# Is Dish HD really worth the price?



## cablewithaview (Jul 22, 2007)

I've been thinking going to Dish HD after a hiatus for a few years now. What is your over all view of the pricing and programming?


----------



## JeffChap (Feb 10, 2007)

99% of the content I watch is HD. Definitely worth it to me.


----------



## Shades228 (Mar 18, 2008)

HD is deffinately worth the price no matter who your provider is. Check to see who offers the programming you like in HD. It does vary greatly between companies.


----------



## phrelin (Jan 18, 2007)

cablewithaview said:


> I've been thinking going to Dish HD after a hiatus for a few years now. What is your over all view of the pricing and programming?


HD is great.

Dish has very competitive pricing, particularly for bad economic times.

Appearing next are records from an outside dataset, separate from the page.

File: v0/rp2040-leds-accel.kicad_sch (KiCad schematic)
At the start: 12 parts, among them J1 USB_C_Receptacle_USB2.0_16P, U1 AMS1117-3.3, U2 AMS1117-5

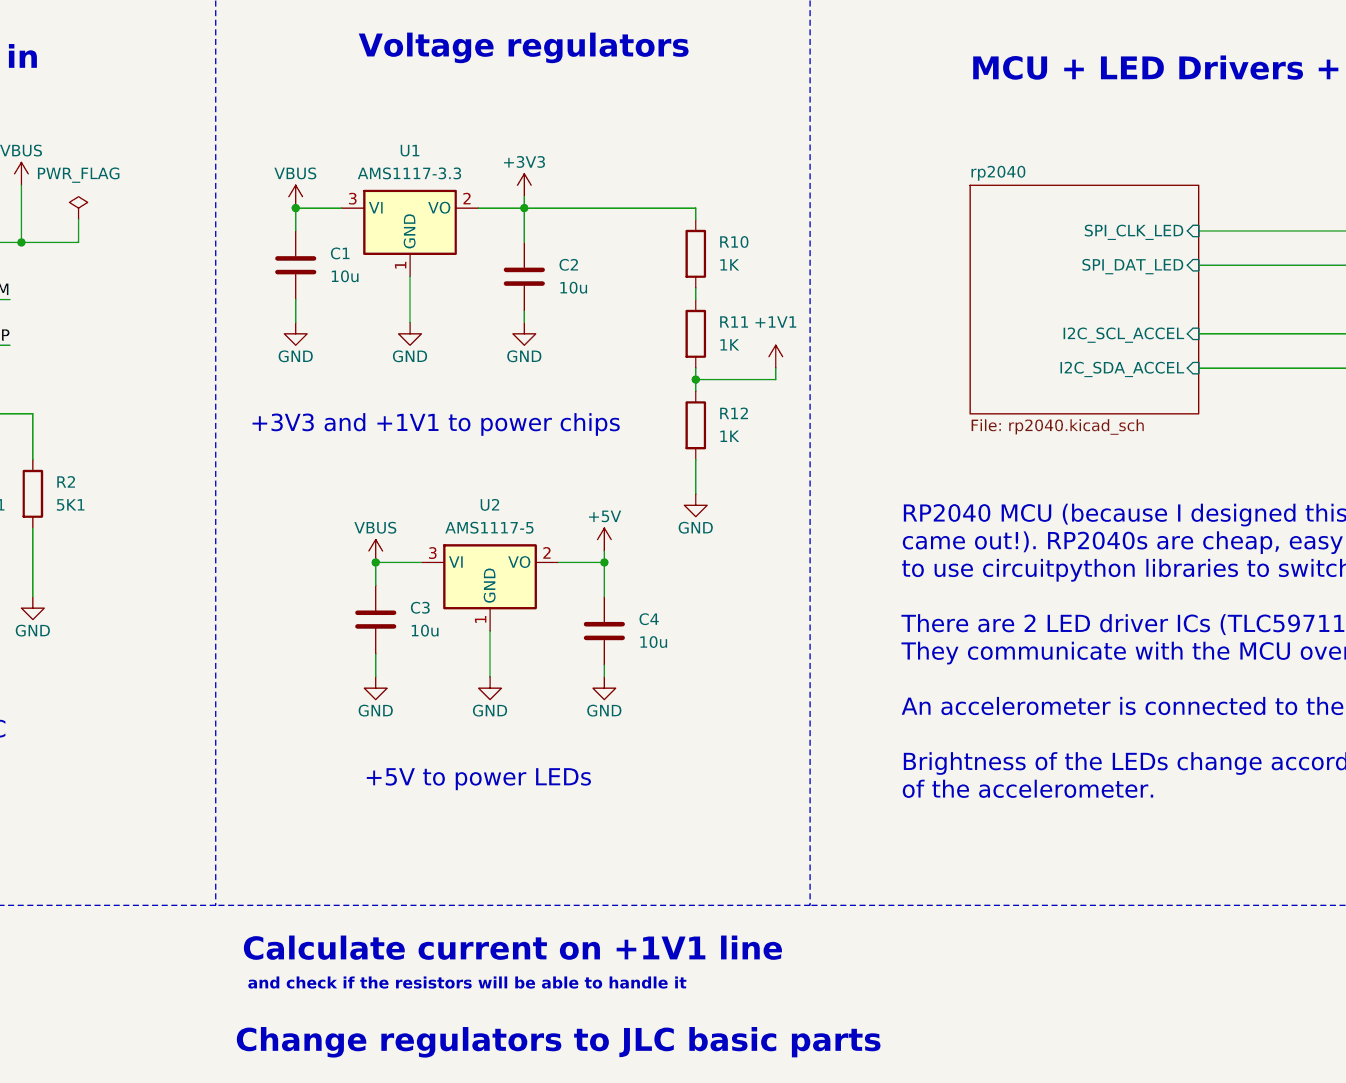
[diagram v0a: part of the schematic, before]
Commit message: Picked new LED driver TLC59116, conected over I2C (instead of the previous one that used SPI), increased number of LEDs from 24 to 32.
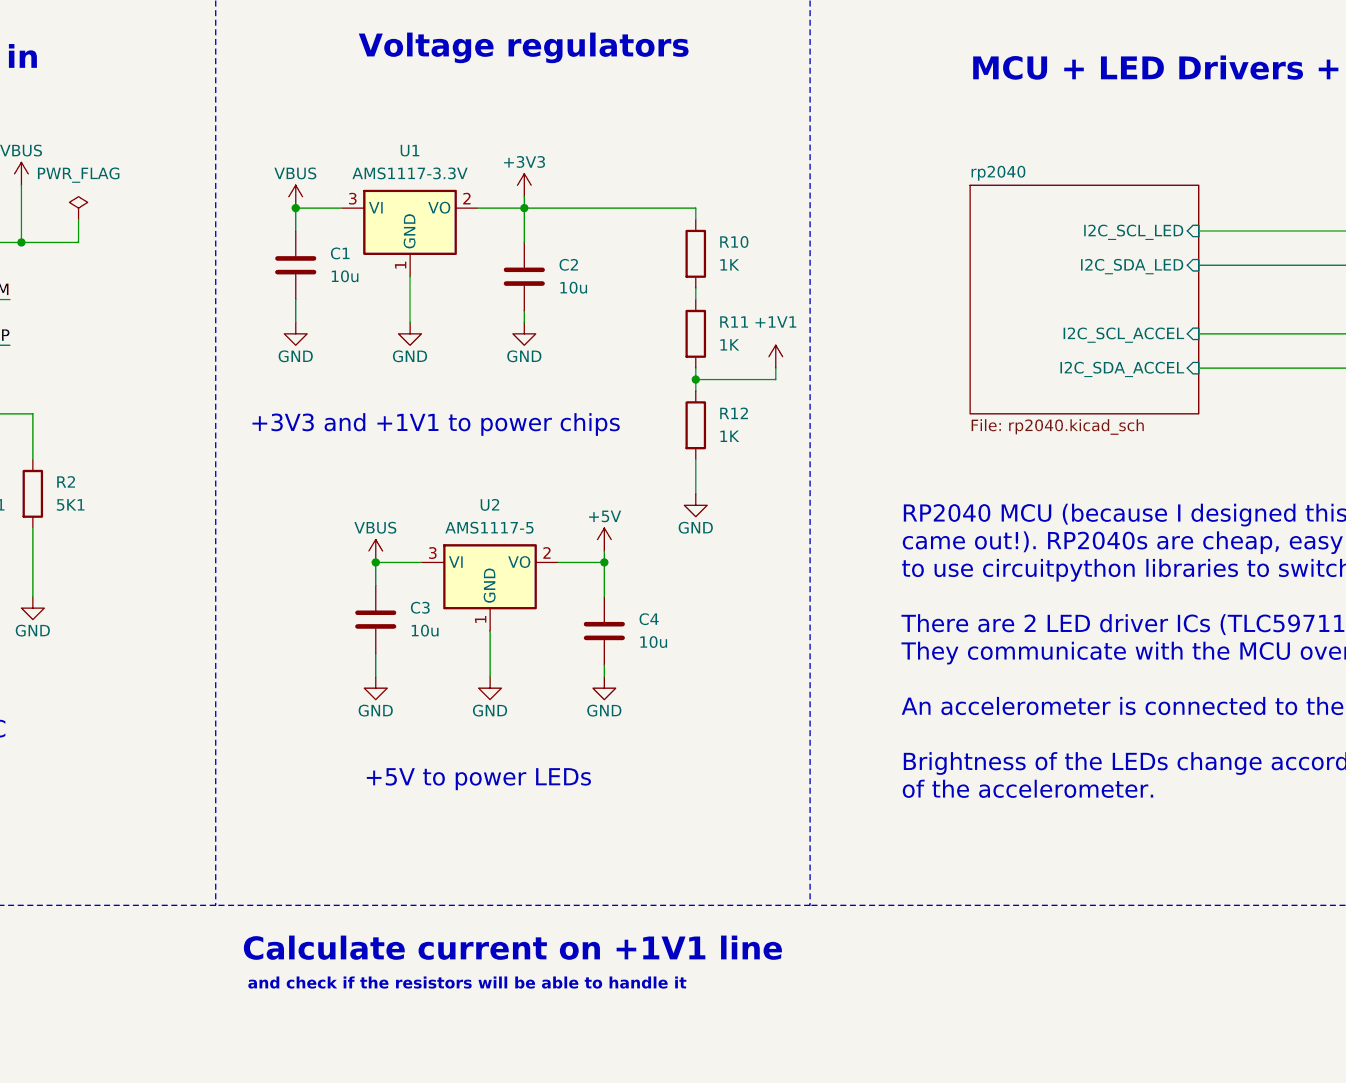
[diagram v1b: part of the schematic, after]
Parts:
- removed U1: AMS1117-3.3, Package_TO_SOT_SMD:SOT-223-3_TabPin2, symbol suchi_chips:AMS1117-3.3
- added U1: AMS1117-3.3V, Package_TO_SOT_SMD:SOT-223-3_TabPin2, symbol suchi_chips:AMS1117-3.3V
- U2: MFG Advanced Monolithic Systems -> Advanced Monolithic Systems; MPN AMS1117-3.3V -> AMS1117-5.0
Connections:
- net +3V3: now also U1.2 (VO)
- net GND: now also U1.1 (GND)
- net VBUS: now also U1.3 (VI)
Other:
- sheet rp2040 ports: added I2C_SCL_LED, I2C_SDA_LED; removed SPI_CLK_LED, SPI_DAT_LED
- note removed: "Change regulators to JLC basic parts"
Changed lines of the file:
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@@
-		)
-	)
-	(text "Change regulators to JLC basic parts"
-		(exclude_from_sim no)
-		(at 139.7 167.64 0)
-		(effects
-			(font
-				(size 2.54 2.54)
-				(bold yes)
-				(color 255 0 0 1)
-			)
 		)
 	)
@@
 			)
 		)
-		(property "Description" "1A Low Dropout regulator, positive, 5V fixed output, SOT-223"
+		(property "Description" "68dB@(120Hz) 1A Fixed 5V Positive electrode 12V SOT-223 Voltage Regulators - Linear, Low Drop Out (LDO) Regulators ROHS"
 			(at 132.08 116.84 0)
 			(effects
@@
 			)
 		)
-		(property "MFG" "Advanced Monolithic Systems"
+		(property "MFG" "Advanced Monolithic Systems "
 			(at 132.08 116.84 0)
 			(effects
@@
 			)
 		)
-		(property "MPN" "AMS1117-3.3V"
+		(property "MPN" "AMS1117-5.0 "
 			(at 132.08 116.84 0)
 			(effects
@@
 	)
 	(symbol
+		(lib_id "suchi_chips:AMS1117-3.3V")
+		(at 123.19 77.47 0)
+		(unit 1)
+		(exclude_from_sim no)
+		(in_bom yes)
+		(on_board yes)
+		(dnp no)
+		(fields_autoplaced yes)
+		(property "Reference" "U1"
+			(at 123.19 68.58 0)
+			(effects
+				(font
+					(size 1.27 1.27)
+				)
+			)
+		)
+		(property "Value" "AMS1117-3.3V"
+			(at 123.19 71.12 0)
+			(effects
+				(font
+					(size 1.27 1.27)
+				)
+			)
+		)
+		(property "Footprint" "Package_TO_SOT_SMD:SOT-223-3_TabPin2"
+			(at 123.19 77.47 0)
+			(effects
+				(font
+					(size 1.27 1.27)
+				)
+				(hide yes)
+			)
+		)
+		(property "Datasheet" ""
+			(at 123.19 77.47 0)
+			(effects
+				(font
+					(size 1.27 1.27)
+				)
+				(hide yes)
+			)
+		)
+		(property "Description" "72dB@(120Hz) 1A Fixed 3.3V Positive electrode SOT-223 Voltage Regulators - Linear, Low Drop Out (LDO) Regulators ROHS"
+			(at 123.19 77.47 0)
+			(effects
+				(font
+					(size 1.27 1.27)
+				)
+				(hide yes)
+			)
+		)
+		(property "MFG" "Advanced Monolithic Systems "
+			(at 123.19 77.47 0)
+			(effects
+				(font
+					(size 1.27 1.27)
+				)
+				(hide yes)
+			)
+		)
+		(property "MPN" "AMS1117-3.3 "
+			(at 123.19 77.47 0)
+			(effects
+				(font
+					(size 1.27 1.27)
+				)
+				(hide yes)
+			)
+		)
+		(property "JLC" "C6186"
+			(at 123.19 77.47 0)
+			(effects
+				(font
+					(size 1.27 1.27)
+				)
+				(hide yes)
+			)
+		)
+		(pin "3"
+		)
+		(pin "2"
+		)
+		(pin "1"
+		)
+		(instances
+			(project ""
+				(path "/9724e854-62b2-4906-81a1-7cf114a24039"
+					(reference "U1")
+					(unit 1)
+				)
+			)
+		)
+	)
+	(symbol
 		(lib_id "power:GND")
 		(at 135.89 87.63 0)
@@
 				(path "/9724e854-62b2-4906-81a1-7cf114a24039"
 					(reference "R1")
-					(unit 1)
-				)
-			)
-		)
-	)
-	(symbol
-		(lib_id "suchi_chips:AMS1117-3.3")
-		(at 123.19 77.47 0)
-		(unit 1)
-		(exclude_from_sim no)
-		(in_bom yes)
-		(on_board yes)
-		(dnp no)
-		(fields_autoplaced yes)
-		(property "Reference" "U1"
-			(at 123.19 68.58 0)
-			(effects
-				(font
-					(size 1.27 1.27)
-				)
-			)
-		)
-		(property "Value" "AMS1117-3.3"
-			(at 123.19 71.12 0)
-			(effects
-				(font
-					(size 1.27 1.27)
-				)
-			)
-		)
-		(property "Footprint" "Package_TO_SOT_SMD:SOT-223-3_TabPin2"
-			(at 123.19 77.47 0)
-			(effects
-				(font
-					(size 1.27 1.27)
-				)
-				(hide yes)
-			)
-		)
-		(property "Datasheet" "http://www.advanced-monolithic.com/pdf/ds1117.pdf"
-			(at 123.19 77.47 0)
-			(effects
-				(font
-					(size 1.27 1.27)
-				)
-				(hide yes)
-			)
-		)
-		(property "Description" "1A Low Dropout regulator, positive, 3.3V fixed output, SOT-223"
-			(at 123.19 77.47 0)
-			(effects
-				(font
-					(size 1.27 1.27)
-				)
-				(hide yes)
-			)
-		)
-		(property "JLC" "C5120765"
-			(at 123.19 77.47 0)
-			(effects
-				(font
-					(size 1.27 1.27)
-				)
-				(hide yes)
-			)
-		)
-		(property "MFG" "MSKSEMI"
-			(at 123.19 77.47 0)
-			(effects
-				(font
-					(size 1.27 1.27)
-				)
-				(hide yes)
-			)
-		)
-		(property "MPN" "AMS1117-3.3V"
-			(at 123.19 77.47 0)
-			(effects
-				(font
-					(size 1.27 1.27)
-				)
-				(hide yes)
-			)
-		)
-		(pin "2"
-		)
-		(pin "3"
-		)
-		(pin "1"
-		)
-		(instances
-			(project "rp2040-leds-accel"
-				(path "/9724e854-62b2-4906-81a1-7cf114a24039"
-					(reference "U1")
 					(unit 1)
 				)
@@
 			)
 		)
-		(pin "SPI_CLK_LED" input
+		(pin "I2C_SCL_LED" input
 			(at 210.82 77.47 0)
 			(effects
@@
 			)
 		)
-		(pin "SPI_DAT_LED" input
+		(pin "I2C_SDA_LED" input
 			(at 210.82 81.28 0)
 			(effects

Depending upon *your* preferences Dish has

ALL the programming you could need and want
OR the programming you need but not everything you want
OR none of the programming you need.
Every provider can be described similarly. Fortunately there are options for every taste.

You didn't mention it, but Dish does have some great equipment - equipment I complain about here - but great equipment nonetheless.

Oh, and did I mention, HD is great! But no broadcast or cable TV offers quality higher than 1080i/720p, so if you're used to BluRay on a 108" plasma forget watching TV.


----------



## CoolGui (Feb 9, 2006)

I know a lot has been said about Dish picture quality vs DirecTV but I was at my Sister/Brother in law's house over the holidays and their picture quality with DirecTV left a lot to be desired, with an HR21. And their TV is almost identical to mine, same Panasonic Viera class, theirs could be a bit smaller, but not by a lot. I would have had to mess with their config and look behind the media cabinet to be sure everything was setup and wired correctly, so it might just be that, but things looked much grainer than they do on my VIP722. So this is not fanboy evidence for Dish, I just found it interesting after how I have heard so much about the Dish PQ vs DirecTV


----------



## 356B (Oct 11, 2008)

I've been with Dish for years, best equipment, best programming, best HD, and best pricing.....service on the other hand is nominal, much like Direct or any other cable/whatever supplier.......and to be clear I have no financial affiliation with Dish.....except I pay them.....


----------



## cclement (Mar 22, 2004)

I gladly pay for the HD programming. I went to my in-laws last week, they have a Dish SD receiver (301, I think) hooked up to their 37 HD LCD and I thought it looked terrible, but they don't mind it. There's no way I could sit and watch TV like that.


----------



## Paul Secic (Dec 16, 2003)

cablewithaview said:


> I've been thinking going to Dish HD after a hiatus for a few years now. What is your over all view of the pricing and programming?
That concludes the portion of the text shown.